С одной стороны, это очень мешает, с другой — добавляет картине штрихов. Банальные земные звуки заполняют паузы, как в «4′33″» Джона Кейджа. Жизнь напоминает о себе, не дает себя отменить, вторгается в безупречную ткань смерти. А она действительно безупречна — явись сам Шостакович в зал Капеллы на этот спиритический сеанс, наверняка оценил бы.
К счастью, обходится без инфарктов, но маэстро не обнаруживает ни малейшего снисхождения ни к себе, ни к музыкантам, ни к зрителю. Когда в конце оркестр застывает в бесконечно долгой паузе, больше всего хочется просто встать и уйти — и Курентзис, кажется, только поприветствовал бы такой ход. Но светский автоматизм оказывается сильнее, да и накопленное напряжение стремится излиться через хоть какое-то физическое действие. Впрочем, безрезультатно. «Сегодня в первый раз ангелы не пели», — растерянно делится впечатлениями кто-то в очереди в гардероб.
Сборные программы musicAeterna почти всегда строятся на контрастах и противовесах. «Анафора» Алексея Ретинского предваряет исполнение Пятой симфонии Малера. В хоровом концерте Lux aeterna звучат сочинения Антонио Лотти из эпохи барокко, авангардиста Дьердя Лигети и нашего современника Андреаса Мустукиса. В «Мистерии» соседствуют потенциально дискомфортная для широкой аудитории работа Бернарда Ланга Watchtower, классически прекрасная чакона Генри Пёрселла и Love story Франческо Филидеи для семи рулонов туалетной бумаги.
Такой подход, с одной стороны, помогает познакомить неподготовленного слушателя с тем, что он иначе вряд ли узнал бы, и расширяет границы его восприятия (вместе с приуроченными к концертам образовательными проектами). С другой — не дает ему устать от непривычного и бережет от потрясений.
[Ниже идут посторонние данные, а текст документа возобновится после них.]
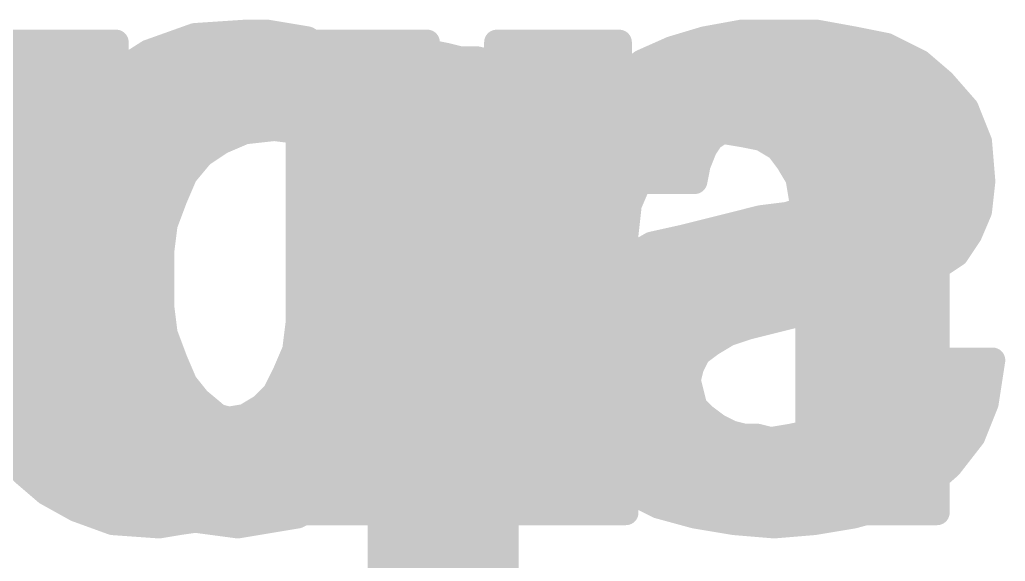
# Model space of a CAD drawing. Extents: x -41 to 66, y -21 to 32.
# Drawn here: x 15.29 to 18.267, y 20.732 to 22.367 of the extents above; entities that cross this region are included whole.
import ezdxf

# ---------------------------------------------------------------- set-up
doc = ezdxf.new("R2010")
doc.units = 0
doc.layers.add('21', color=41, linetype='CONTINUOUS')
doc.layers.add('22', color=40, linetype='CONTINUOUS')

msp = doc.modelspace()

# ---------------------------------------------------------------- linework, layer by layer
at = {"layer": '21', "const_width": 0.0762}
for points in [[(17.421, 22.319), (17.481, 22.329)], [(17.4666, 22.3266), (17.5746, 22.3266)], [(17.481, 22.329), (17.541, 22.329)], [(17.541, 22.329), (17.681, 22.319)], [(15.201, 22.299), (15.581, 22.299)], [(15.581, 22.299), (15.581, 21.499)], [(16.131, 21.449), (16.131, 22.299)], [(16.131, 22.299), (16.521, 22.299)], [(16.521, 22.299), (16.521, 20.879)], [(16.731, 22.299), (17.101, 22.299)], [(16.731, 20.879), (16.731, 22.299)], [(17.101, 22.299), (17.101, 22.099)], [(17.301, 22.279), (17.421, 22.319)], [(17.681, 22.319), (17.791, 22.289)], [(17.241, 22.239), (17.301, 22.279)], [(17.791, 22.289), (17.881, 22.239)], [(15.201, 22.2504), (15.581, 22.2504)], [(16.131, 22.2504), (16.521, 22.2504)], [(16.731, 22.2504), (17.101, 22.2504)], [(17.191, 22.199), (17.241, 22.239)], [(17.2581, 22.2504), (17.8605, 22.2504)], [(17.881, 22.239), (17.951, 22.169)], [(15.201, 22.1742), (15.581, 22.1742)], [(16.131, 22.1742), (16.521, 22.1742)], [(16.731, 22.1742), (17.101, 22.1742)], [(17.151, 22.159), (17.191, 22.199)], [(17.1662, 22.1742), (17.9458, 22.1742)], [(17.111, 22.099), (17.151, 22.159)], [(17.951, 22.169), (18.001, 22.089)], [(15.201, 22.098), (15.581, 22.098)], [(16.131, 22.098), (16.521, 22.098)], [(16.731, 22.098), (17.9954, 22.098)], [(17.101, 22.099), (17.111, 22.099)], [(18.001, 22.089), (18.031, 21.989)], [(17.421, 22.029), (17.341, 22.019)], [(17.481, 22.019), (17.421, 22.029)], [(15.201, 22.0218), (15.581, 22.0218)], [(16.131, 22.0218), (16.521, 22.0218)], [(16.731, 22.0218), (17.3634, 22.0218)], [(17.281, 22.009), (17.231, 21.979)], [(17.341, 22.019), (17.281, 22.009)], [(17.4642, 22.0218), (18.0212, 22.0218)], [(17.531, 22.009), (17.481, 22.019)], [(17.581, 21.979), (17.531, 22.009)], [(17.231, 21.979), (17.191, 21.929)], [(17.611, 21.939), (17.581, 21.979)], [(18.031, 21.989), (18.051, 21.879)], [(15.201, 21.9456), (15.581, 21.9456)], [(16.131, 21.9456), (16.521, 21.9456)], [(16.731, 21.9456), (17.2043, 21.9456)], [(17.606, 21.9456), (18.0389, 21.9456)], [(17.641, 21.889), (17.611, 21.939)], [(17.191, 21.929), (17.161, 21.879)], [(17.161, 21.879), (17.131, 21.809)], [(17.651, 21.829), (17.641, 21.889)], [(18.051, 21.879), (18.061, 21.749)], [(15.201, 21.8694), (15.581, 21.8694)], [(16.131, 21.8694), (16.521, 21.8694)], [(16.731, 21.8694), (17.1569, 21.8694)], [(17.6443, 21.8694), (18.0517, 21.8694)], [(17.661, 21.759), (17.651, 21.829)], [(15.201, 21.7932), (15.581, 21.7932)], [(16.131, 21.7932), (16.521, 21.7932)], [(16.731, 21.7932), (17.1292, 21.7932)], [(17.131, 21.809), (17.121, 21.719)], [(17.6561, 21.7932), (18.0576, 21.7932)], [(17.671, 21.679), (17.661, 21.759)], [(18.061, 21.749), (18.061, 20.879)], [(15.201, 21.717), (15.581, 21.717)], [(16.131, 21.717), (16.521, 21.717)], [(16.731, 21.717), (17.121, 21.717)], [(17.121, 21.719), (17.121, 20.879)], [(17.6663, 21.717), (18.061, 21.717)], [(17.671, 20.879), (17.671, 21.679)], [(15.201, 21.6408), (15.581, 21.6408)], [(16.131, 21.6408), (16.521, 21.6408)], [(16.731, 21.6408), (17.121, 21.6408)], [(17.671, 21.6408), (18.061, 21.6408)], [(15.201, 21.5646), (15.581, 21.5646)], [(16.131, 21.5646), (16.521, 21.5646)], [(16.731, 21.5646), (17.121, 21.5646)], [(17.671, 21.5646), (18.061, 21.5646)], [(15.201, 21.4884), (15.5823, 21.4884)], [(15.581, 21.499), (15.601, 21.339)], [(16.131, 21.4884), (16.521, 21.4884)], [(16.731, 21.4884), (17.121, 21.4884)], [(17.671, 21.4884), (18.061, 21.4884)], [(16.121, 21.369), (16.131, 21.449)], [(15.201, 21.4122), (15.5919, 21.4122)], [(16.1264, 21.4122), (16.521, 21.4122)], [(16.731, 21.4122), (17.121, 21.4122)], [(17.671, 21.4122), (18.061, 21.4122)], [(16.091, 21.299), (16.121, 21.369)], [(15.601, 21.339), (15.611, 21.279)], [(15.201, 21.336), (15.6015, 21.336)], [(16.1069, 21.336), (16.521, 21.336)], [(16.731, 21.336), (17.121, 21.336)], [(17.671, 21.336), (18.061, 21.336)], [(15.611, 21.279), (15.671, 21.199)], [(16.061, 21.239), (16.091, 21.299)], [(15.2081, 21.2598), (15.6254, 21.2598)], [(16.0714, 21.2598), (16.521, 21.2598)], [(16.731, 21.2598), (17.121, 21.2598)], [(17.671, 21.2598), (18.061, 21.2598)], [(16.021, 21.199), (16.061, 21.239)], [(15.671, 21.199), (15.721, 21.169)], [(15.971, 21.169), (16.021, 21.199)], [(15.2226, 21.1836), (15.6967, 21.1836)], [(15.721, 21.169), (15.771, 21.159)], [(15.771, 21.159), (15.831, 21.149)], [(15.831, 21.149), (15.911, 21.159)], [(15.911, 21.159), (15.971, 21.169)], [(15.9953, 21.1836), (16.521, 21.1836)], [(16.731, 21.1836), (17.121, 21.1836)], [(17.671, 21.1836), (18.061, 21.1836)], [(15.2455, 21.1074), (16.521, 21.1074)], [(16.731, 21.1074), (17.121, 21.1074)], [(17.671, 21.1074), (18.061, 21.1074)], [(15.301, 20.999), (15.251, 21.089)], [(16.141, 21.079), (16.101, 21.019)], [(16.151, 21.079), (16.141, 21.079)], [(16.151, 20.879), (16.151, 21.079)], [(15.2831, 21.0312), (16.1091, 21.0312)], [(16.101, 21.019), (16.061, 20.969)], [(16.151, 21.0312), (16.521, 21.0312)], [(16.731, 21.0312), (17.121, 21.0312)], [(17.671, 21.0312), (18.061, 21.0312)], [(15.371, 20.939), (15.301, 20.999)], [(15.3523, 20.955), (16.0435, 20.955)], [(16.061, 20.969), (16.011, 20.929)], [(16.151, 20.955), (16.521, 20.955)], [(16.731, 20.955), (17.121, 20.955)], [(17.671, 20.955), (18.061, 20.955)], [(15.461, 20.889), (15.371, 20.939)], [(16.011, 20.929), (15.951, 20.899)], [(15.951, 20.899), (15.901, 20.879)], [(15.571, 20.849), (15.461, 20.889)], [(15.4891, 20.8788), (15.9004, 20.8788)], [(15.901, 20.879), (15.841, 20.859)], [(16.521, 20.879), (16.151, 20.879)], [(17.121, 20.879), (16.731, 20.879)], [(18.061, 20.879), (17.671, 20.879)], [(15.711, 20.839), (15.571, 20.849)], [(15.771, 20.849), (15.711, 20.839)], [(15.841, 20.859), (15.771, 20.849)]]:
    msp.add_lwpolyline(points, dxfattribs=at)
at = {"layer": '21', "const_width": 0.0381}
for points in [[(17.4666, 22.3457, 1), (17.4666, 22.3076)], [(17.481, 22.3481, 1), (17.481, 22.31)], [(17.4841, 22.3102, 1), (17.4779, 22.3478)], [(17.5424, 22.348, 1), (17.5396, 22.31)], [(17.541, 22.31, 1), (17.541, 22.3481)], [(17.5746, 22.3076, 1), (17.5746, 22.3457)], [(15.6001, 22.299, 1), (15.562, 22.299)], [(15.581, 22.2799, 1), (15.581, 22.318)], [(16.1501, 22.299, 1), (16.112, 22.299)], [(16.131, 22.318, 1), (16.131, 22.2799)], [(16.5401, 22.299, 1), (16.502, 22.299)], [(16.521, 22.2799, 1), (16.521, 22.318)], [(16.731, 22.318, 1), (16.731, 22.2799)], [(16.7501, 22.299, 1), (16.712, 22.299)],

Даже в недавнем концерте-открытии сезона адские вихри «Франчески Да Римини» Чайковского уравновесили впечатления римского карнавала из Итальянского каприччио. В программе концерта Шостаковича от бальзамов на раны отказываются демонстративно. Полтора часа человек в зале смотрит на смерть, а она смотрит на него — и нет этой смерти противовеса, кроме его маленькой фигурки.
Это выглядит как дань уважения Шостаковичу, который не верил, что за гробом что-то есть, поэтому смерти не принимал и не желал с ней мириться. Но и отворачиваться не желал.
Это выглядит как призыв к аудитории: не отворачиваться, а осознать и принять существование в мире смерти и зла. Пройти сквозь них, почувствовать жизнь внутри них — и справиться с этим опытом самостоятельно, найдя для себя надежду и смысл.
И опять трудно удержаться от медицинских ассоциаций. Приходя к врачу, ты надеешься на излечение или хотя бы обезболивание и не ожидаешь, что тебя выставят за дверь, не наложив швов. Но здесь происходит именно так: вместо успокоения музыка дает слушателю импульс — к самостоятельному проживанию, к размышлению, к действию.
Искусство в этот вечер отказывается быть убежищем и спасением от боли. Но становится тем, что помогает посмотреть ей в глаза — и не отвернуться. Пройти сквозь нее самому, сделать своеобразную прививку. Ведь когда ты по-настоящему посмотришь в глаза смерти, рядом уже не будет никого, чтобы тебе помочь.
Теодор Курентзис вместе с musicAeterna давно уже растит умного зрителя. А теперь, кажется, еще и сильного.